Proctalgia fugax, a variant of levator ani syndrome, is a severe, episodic pain in the regions of the rectum and anus. It can be caused by cramping of the levator ani muscle, particularly in the pubococcygeal part.
Signs and symptoms
It most often occurs in the middle of the night and lasts from seconds to minutes; pain and aching lasting twenty minutes or longer would likely be diagnosed instead as levator ani syndrome. In a study published in 2007 involving 1809 patients, the attacks occurred in the daytime (33 percent) as well as at night (33 percent) and the average number of attacks was 13. Onset can be in childhood; however, in multiple studies the average age of onset was 45. Many studies showed that women are affected more commonly than men, but this can be at least partly explained by men's reluctance to seek medical advice concerning rectal pain. Data on the number of people affected vary, but prevalence may be as high as 8–18%. It is thought that only 17–20% of patients consult a physician, so obtaining accurate data on occurrence presents a challenge.
During an episode, the patient feels spasm-like, sometimes excruciating, pain in the rectum or anus, often misinterpreted as a need to defecate. To be diagnosed as proctalgia fugax, the pain must arise de novo (meaning the absence of clear cause). As such, pain associated with constipation (either chronic, or acute), penetrative anal intercourse, trauma (such as tears or fissures of the rectal sphincter or anal canal), side-effects of some medications (particularly opiates), or rectal foreign body insertion preclude this diagnosis. The pain episode subsides by itself as the spasm disappears on its own, but may reoccur.
Because of the high incidence of internal anal sphincter thickening with the disorder, it is thought to be a disorder of that muscle or that it is a neuralgia of pudendal nerves. It is not known to be linked to any disease process.

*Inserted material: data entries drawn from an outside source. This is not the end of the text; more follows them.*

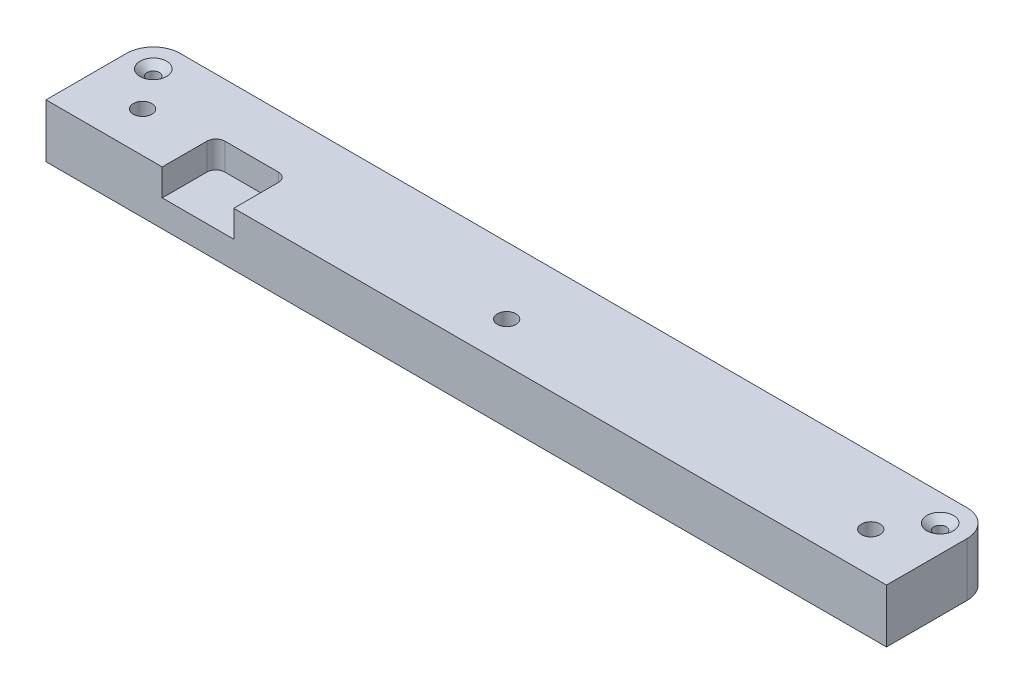
from build123d import *

# Parameters (mm, degrees)
SKETCH1_W           = 298.45
SKETCH1_H           = 38.1
BOSS_EXTRUDE1_DEPTH = 19.05
FILLET1_R           = 9.525
SKETCH2_R           = 3.302
CUT_EXTRUDE1_DEPTH  = 14.2875
SKETCH4_R           = 1.4224
CUT_EXTRUDE2_DEPTH  = 302.47456775
SKETCH5_R           = 2.413
CUT_EXTRUDE3_DEPTH  = 2.921
SKETCH6_R           = 2.1844
CUT_EXTRUDE4_DEPTH  = 302.47456775
CHAMFER1_SIZE       = 2.54
CHAMFER1_SIZE2      = 2.207988314
CUT_EXTRUDE5_START  = -5.08
SKETCH7_R           = 7.239
CUT_EXTRUDE5_DEPTH  = 297.39456775
CUT_EXTRUDE6_START  = -9.525
SKETCH8_W           = 25.4
SKETCH8_H           = 19.05
CUT_EXTRUDE6_DEPTH  = 9.525
FILLET2_R           = 3.175


with BuildPart() as part:
    # Sketch1 → Boss-Extrude1 (new body)
    with BuildSketch(Plane(origin=(0, 0, 0), x_dir=(1, 0, 0), z_dir=(0, 1, 0))):
        with Locations((149.225, 19.05)):
            Rectangle(SKETCH1_W, SKETCH1_H)
    extrude(amount=BOSS_EXTRUDE1_DEPTH)

    # Fillet1
    fillet1_edges = [part.edges().sort_by_distance(p)[0] for p in [
        (298.45, 9.525, -38.1),
        (0, 9.525, -38.1),
    ]]
    fillet(fillet1_edges, radius=FILLET1_R)

    # Sketch2 → Cut-Extrude1 (cut)
    with BuildSketch(Plane(origin=(0, 19.05, 0), x_dir=(1, 0, 0), z_dir=(0, 1, 0))):
        with Locations((19.939, 14.351)):
            Circle(SKETCH2_R)
        with Locations((149.225, 14.351)):
            Circle(SKETCH2_R)
        with Locations((278.511, 14.351)):
            Circle(SKETCH2_R)
    extrude(amount=-CUT_EXTRUDE1_DEPTH, mode=Mode.SUBTRACT)

    # Sketch4 → Cut-Extrude2 (cut, through all)
    with BuildSketch(Plane.XZ):
        with Locations((19.939, -14.351)):
            Circle(SKETCH4_R)
        with Locations((149.225, -14.351)):
            Circle(SKETCH4_R)
        with Locations((278.511, -14.351)):
            Circle(SKETCH4_R)
    extrude(amount=-CUT_EXTRUDE2_DEPTH, mode=Mode.SUBTRACT)

    # Sketch5 → Cut-Extrude3 (cut)
    with BuildSketch(Plane.XZ):
        with Locations((19.939, -14.351)):
            Circle(SKETCH5_R)
        with Locations((149.225, -14.351)):
            Circle(SKETCH5_R)
        with Locations((278.511, -14.351)):
            Circle(SKETCH5_R)
    extrude(amount=-CUT_EXTRUDE3_DEPTH, mode=Mode.SUBTRACT)

    # Sketch6 → Cut-Extrude4 (cut, through all)
    with BuildSketch(Plane(origin=(0, 19.05, 0), x_dir=(1, 0, 0), z_dir=(0, 1, 0))):
        with Locations((288.925, 28.575)):
            Circle(SKETCH6_R)
        with Locations((9.525, 28.575)):
            Circle(SKETCH6_R)
    extrude(amount=-CUT_EXTRUDE4_DEPTH, mode=Mode.SUBTRACT)

    # Chamfer1
    chamfer1_edges = [part.edges().sort_by_distance(p)[0] for p in [
        (286.7406, 19.05, -28.575),
        (7.3406, 19.05, -28.575),
    ]]
    chamfer1_side = [part.faces().sort_by_distance(p)[0] for p in [
        (149.225, 19.05, -19.008778326),
    ]]
    chamfer(chamfer1_edges, length=CHAMFER1_SIZE, length2=CHAMFER1_SIZE2, reference=chamfer1_side[0])

    # Sketch7 → Cut-Extrude5 (cut, through all)
    with BuildSketch(Plane(origin=(0, 19.05, 0), x_dir=(1, 0, 0), z_dir=(0, 1, 0)).offset(CUT_EXTRUDE5_START)):
        with Locations((149.225, 28.575)):
            Circle(SKETCH7_R)
    extrude(amount=-CUT_EXTRUDE5_DEPTH, mode=Mode.SUBTRACT)

    # Sketch8 → Cut-Extrude6 (cut)
    with BuildSketch(Plane.XZ.offset(CUT_EXTRUDE6_START)):
        with Locations((53.975, -9.525)):
            Rectangle(SKETCH8_W, SKETCH8_H)
    extrude(amount=-CUT_EXTRUDE6_DEPTH, mode=Mode.SUBTRACT)

    # Fillet2
    fillet2_edges = [part.edges().sort_by_distance(p)[0] for p in [
        (66.675, 14.2875, -19.05),
        (41.275, 14.2875, -19.05),
    ]]
    fillet(fillet2_edges, radius=FILLET2_R)


solid = part.part
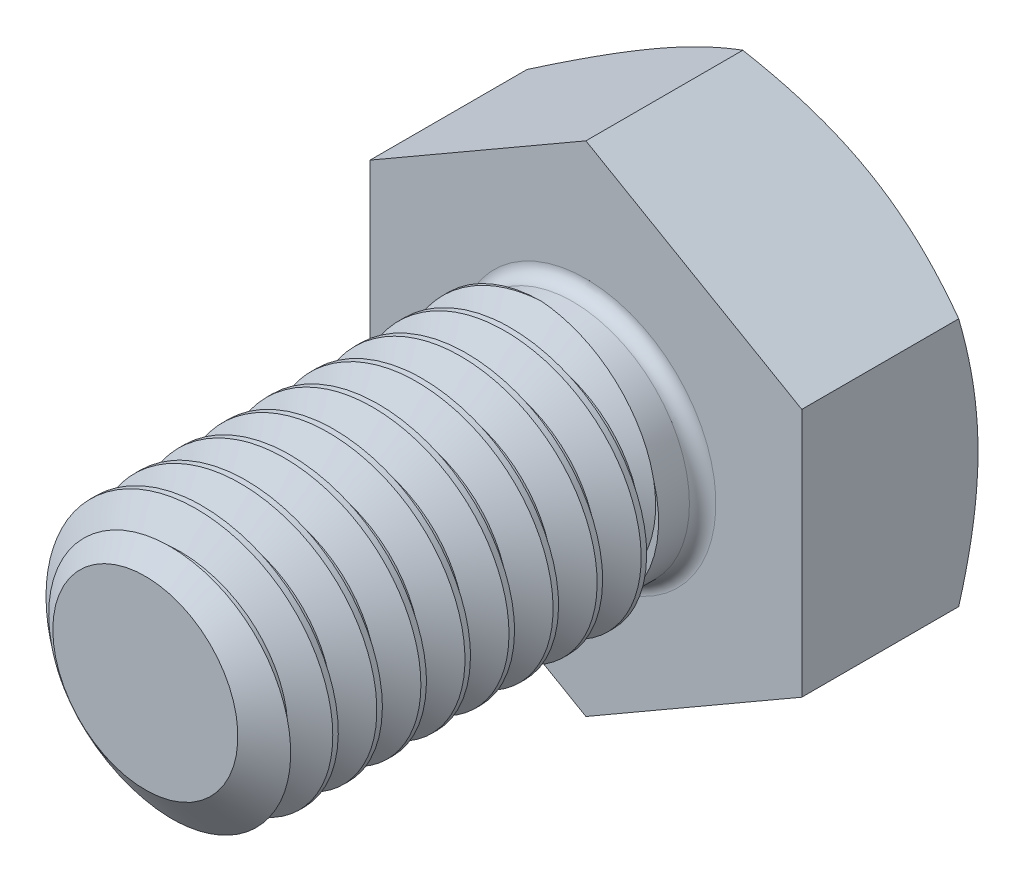
from build123d import *
from build123d.topology import SkipClean

# Parameters (mm, degrees)
SKETCH1_R           = 3
BOSS_EXTRUDE1_DEPTH = 10
CUT_SWEEP1_PITCH    = 1
BOSS_EXTRUDE2_DEPTH = 4
SKETCH6_OUTSIDE_W   = 19.364
SKETCH6_OUTSIDE_H   = 20.88
SKETCH6_OUTSIDE_R   = 4.9
CUT_EXTRUDE1_DEPTH  = 1
CUT_EXTRUDE1_DRAFT  = -60
SKETCH7_W           = 1
SKETCH7_H           = 3
SKETCH8_W           = 1
SKETCH8_H           = 0.35
FILLET1_R           = 0.3


with BuildPart() as part:
    # Sketch1 → Boss-Extrude1 (new body)
    with BuildSketch(Plane.XY):
        Circle(SKETCH1_R)
    extrude(amount=-BOSS_EXTRUDE1_DEPTH)

    # Cut-Sweep1: the profile of Sketch3 profile screwed along a right-hand helix of 52 turns, 6 arcs to a turn; built about Z, then put on its axis
    cut_sweep1_z = Axis((0, 0, 0), (0, 0, 1))
    cut_sweep1_corners = [(3.0003, 0, -0.875173205), (3.0003, 0, 0.000173205), (2.350480947, 0, -0.375), (2.350480947, 0, -0.5)]
    with BuildLine(mode=Mode.PRIVATE) as cut_sweep1_profile:
        Line(cut_sweep1_corners[0], cut_sweep1_corners[1])
        Line(cut_sweep1_corners[1], cut_sweep1_corners[2])
        Line(cut_sweep1_corners[2], cut_sweep1_corners[3])
        Line(cut_sweep1_corners[3], cut_sweep1_corners[0])
    cut_sweep1_cap = Face(cut_sweep1_profile.wire())
    cut_sweep1_turn_angles = [0, 30, 60, 90, 120, 150, 180, 210, 240, 270, 300, 330, 360, 390, 420, 450, 480, 510, 540, 570, 600, 630, 660, 690, 720]
    cut_sweep1_turn_weights = [1, 0.8660254037844387, 1, 0.8660254037844387, 1, 0.8660254037844387, 1, 0.8660254037844387, 1, 0.8660254037844387, 1, 0.8660254037844387, 1, 0.8660254037844387, 1, 0.8660254037844387, 1, 0.8660254037844387, 1, 0.8660254037844387, 1, 0.8660254037844387, 1, 0.8660254037844387, 1]
    cut_sweep1_turn_rails = [Edge.make_bspline([Vector(p[0], p[1], 0).rotate(cut_sweep1_z, cut_sweep1_turn_angles[k]) / cut_sweep1_turn_weights[k] + Vector(0, 0, p[2] + CUT_SWEEP1_PITCH * cut_sweep1_turn_angles[k] / 360) for k in range(25)], [0, 0, 0, 1, 1, 2, 2, 3, 3, 4, 4, 5, 5, 6, 6, 7, 7, 8, 8, 9, 9, 10, 10, 11, 11, 12, 12, 12], 2, cut_sweep1_turn_weights) for p in cut_sweep1_corners]
    cut_sweep1_turn_sides = [Face.make_surface_from_curves(cut_sweep1_turn_rails[p[0]], cut_sweep1_turn_rails[p[1]]) for p in [(0, 1), (1, 2), (2, 3), (3, 0)]]
    cut_sweep1 = Plane(origin=(0, 0, 0), x_dir=(0, 1, 0), z_dir=(0, 0, -1)) * Solid(Shell([*[p.moved(Location((0, 0, 2 * CUT_SWEEP1_PITCH * i))) for i in range(26) for p in cut_sweep1_turn_sides], cut_sweep1_cap, cut_sweep1_cap.rotate(cut_sweep1_z, 18720).moved(Location((0, 0, CUT_SWEEP1_PITCH * 18720 / 360)))]))
    add(cut_sweep1, mode=Mode.SUBTRACT)

    # Sketch4 → Cut-Revolve1 (revolve, cut)
    with BuildSketch(Plane(origin=(0, 0, 0), x_dir=(0, 0, -1), z_dir=(1, 0, 0)), mode=Mode.PRIVATE) as cut_revolve1_sk:
        Polygon((0, 3), (0.630186784, 3), (0, 2.1), align=None)
    revolve(cut_revolve1_sk.sketch.rotate(Axis((0, 0, -10), (0, 0, 1)), 90), axis=Axis((0, 0, -10), (0, 0, 1)), mode=Mode.SUBTRACT)

    # Sketch5 → Boss-Extrude2 (add)
    with BuildSketch(Plane(origin=(0, 0, -10), x_dir=(-1, 0, 0), z_dir=(0, 0, -1))):
        Polygon((4.9, -2.829016319), (4.9, 2.829016319), (0, 5.658032638), (-4.9, 2.829016319), (-4.9, -2.829016319), (0, -5.658032638), align=None)
    extrude(amount=BOSS_EXTRUDE2_DEPTH)


with BuildPart() as cut_extrude1_tool:
    # Sketch6 outside → Cut-Extrude1 (with draft: the straight prism first)
    with BuildSketch(Plane(origin=(0, 0, -14), x_dir=(-1, 0, 0), z_dir=(0, 0, -1))):
        Rectangle(SKETCH6_OUTSIDE_W, SKETCH6_OUTSIDE_H)
        Circle(SKETCH6_OUTSIDE_R, mode=Mode.SUBTRACT)
    extrude(amount=-CUT_EXTRUDE1_DEPTH)
    # Cut-Extrude1: the draft: its side faces are tilted about the plane it starts from
    cut_extrude1_sides = [cut_extrude1_tool.faces().sort_by_distance(p)[0] for p in [
        (0, -10.44, -13.5),
        (-9.682, 0, -13.5),
        (0, 10.44, -13.5),
        (9.682, 0, -13.5),
        (4.9, 0, -13.5),
    ]]
    draft(cut_extrude1_sides, Plane(origin=(0, 0, -14), x_dir=(-1, 0, 0), z_dir=(0, 0, -1)), CUT_EXTRUDE1_DRAFT)


with BuildPart() as part_1:
    add(part.part)

    # Cut-Extrude1: cut by cut_extrude1_tool
    add(cut_extrude1_tool.part, mode=Mode.SUBTRACT)

    # Sketch7 → Revolve1 (revolve)
    with SkipClean():  # the faces are left unmerged after this step: merging them gives an invalid solid
        with BuildSketch(Plane(origin=(0, 0, 0), x_dir=(0, 0, -1), z_dir=(1, 0, 0)), mode=Mode.PRIVATE) as revolve1_sk:
            with Locations((9.5, 1.5)):
                Rectangle(SKETCH7_W, SKETCH7_H)
        revolve(revolve1_sk.sketch.rotate(Axis((0, 0, -10), (0, 0, 1)), 270), axis=Axis((0, 0, -10), (0, 0, 1)))

    # Sketch8 → Cut-Revolve2 (revolve, cut)
    with BuildSketch(Plane(origin=(0, 0, 0), x_dir=(0, 0, -1), z_dir=(1, 0, 0)), mode=Mode.PRIVATE) as cut_revolve2_sk:
        with Locations((9.5, 2.825)):
            Rectangle(SKETCH8_W, SKETCH8_H)
    revolve(cut_revolve2_sk.sketch.rotate(Axis((0, 0, -10), (0, 0, 1)), 90), axis=Axis((0, 0, -10), (0, 0, 1)), mode=Mode.SUBTRACT)

    # Fillet1
    fillet1_edges = [part_1.edges().sort_by_distance(p)[0] for p in [
        (2.65, 0, -10),
    ]]
    fillet(fillet1_edges, radius=FILLET1_R)


solid = part_1.part

High-voltage pulsed galvanic stimulation (HGVS) has been shown to be of prophylactic benefit, to reduce the incidence of attacks. The patient is usually placed in the left lateral decubitus position and a sterile probe is inserted into the anus. The negative electrode is used and the stimulator is set with a pulse frequency of 80 to 120 cycles per second. The voltage (intensity) is started at 0, progressively raised to a threshold of patient discomfort, and then is decreased to a level that the patient finds comfortable. As the patient's tolerance increases, the voltage can be gradually increased to 250 to 350 Volts. Each treatment session usually lasts between 15 and 60 minutes. Several studies have reported short-term success rates that ranged from 65 to 91%.
There is no known cure. The most common approach for mild cases is simply reassurance and topical treatment with calcium-channel blocker (diltiazem, nifedipine) ointment, salbutamol inhalation and topical nitroglycerine. For persistent cases, local anesthetic blocks, clonidine or botulinum toxin injections can be considered. Supportive treatments directed at aggravating factors include high-fiber diet, withdrawal of drugs which have gut effects (e.g., drugs that provoke or worsen constipation including narcotics and oral calcium channel blockers; drugs that provoke or worsen diarrhea including quinidine, theophylline, and antibiotics), warm baths, rectal massage, perineal strengthening exercises, anticholinergic agents, non-narcotic analgesics, sedatives or muscle relaxants such as diazepam. In patients who have frequent, severe, prolonged attacks, inhaled salbutamol has been shown in some studies to reduce their duration.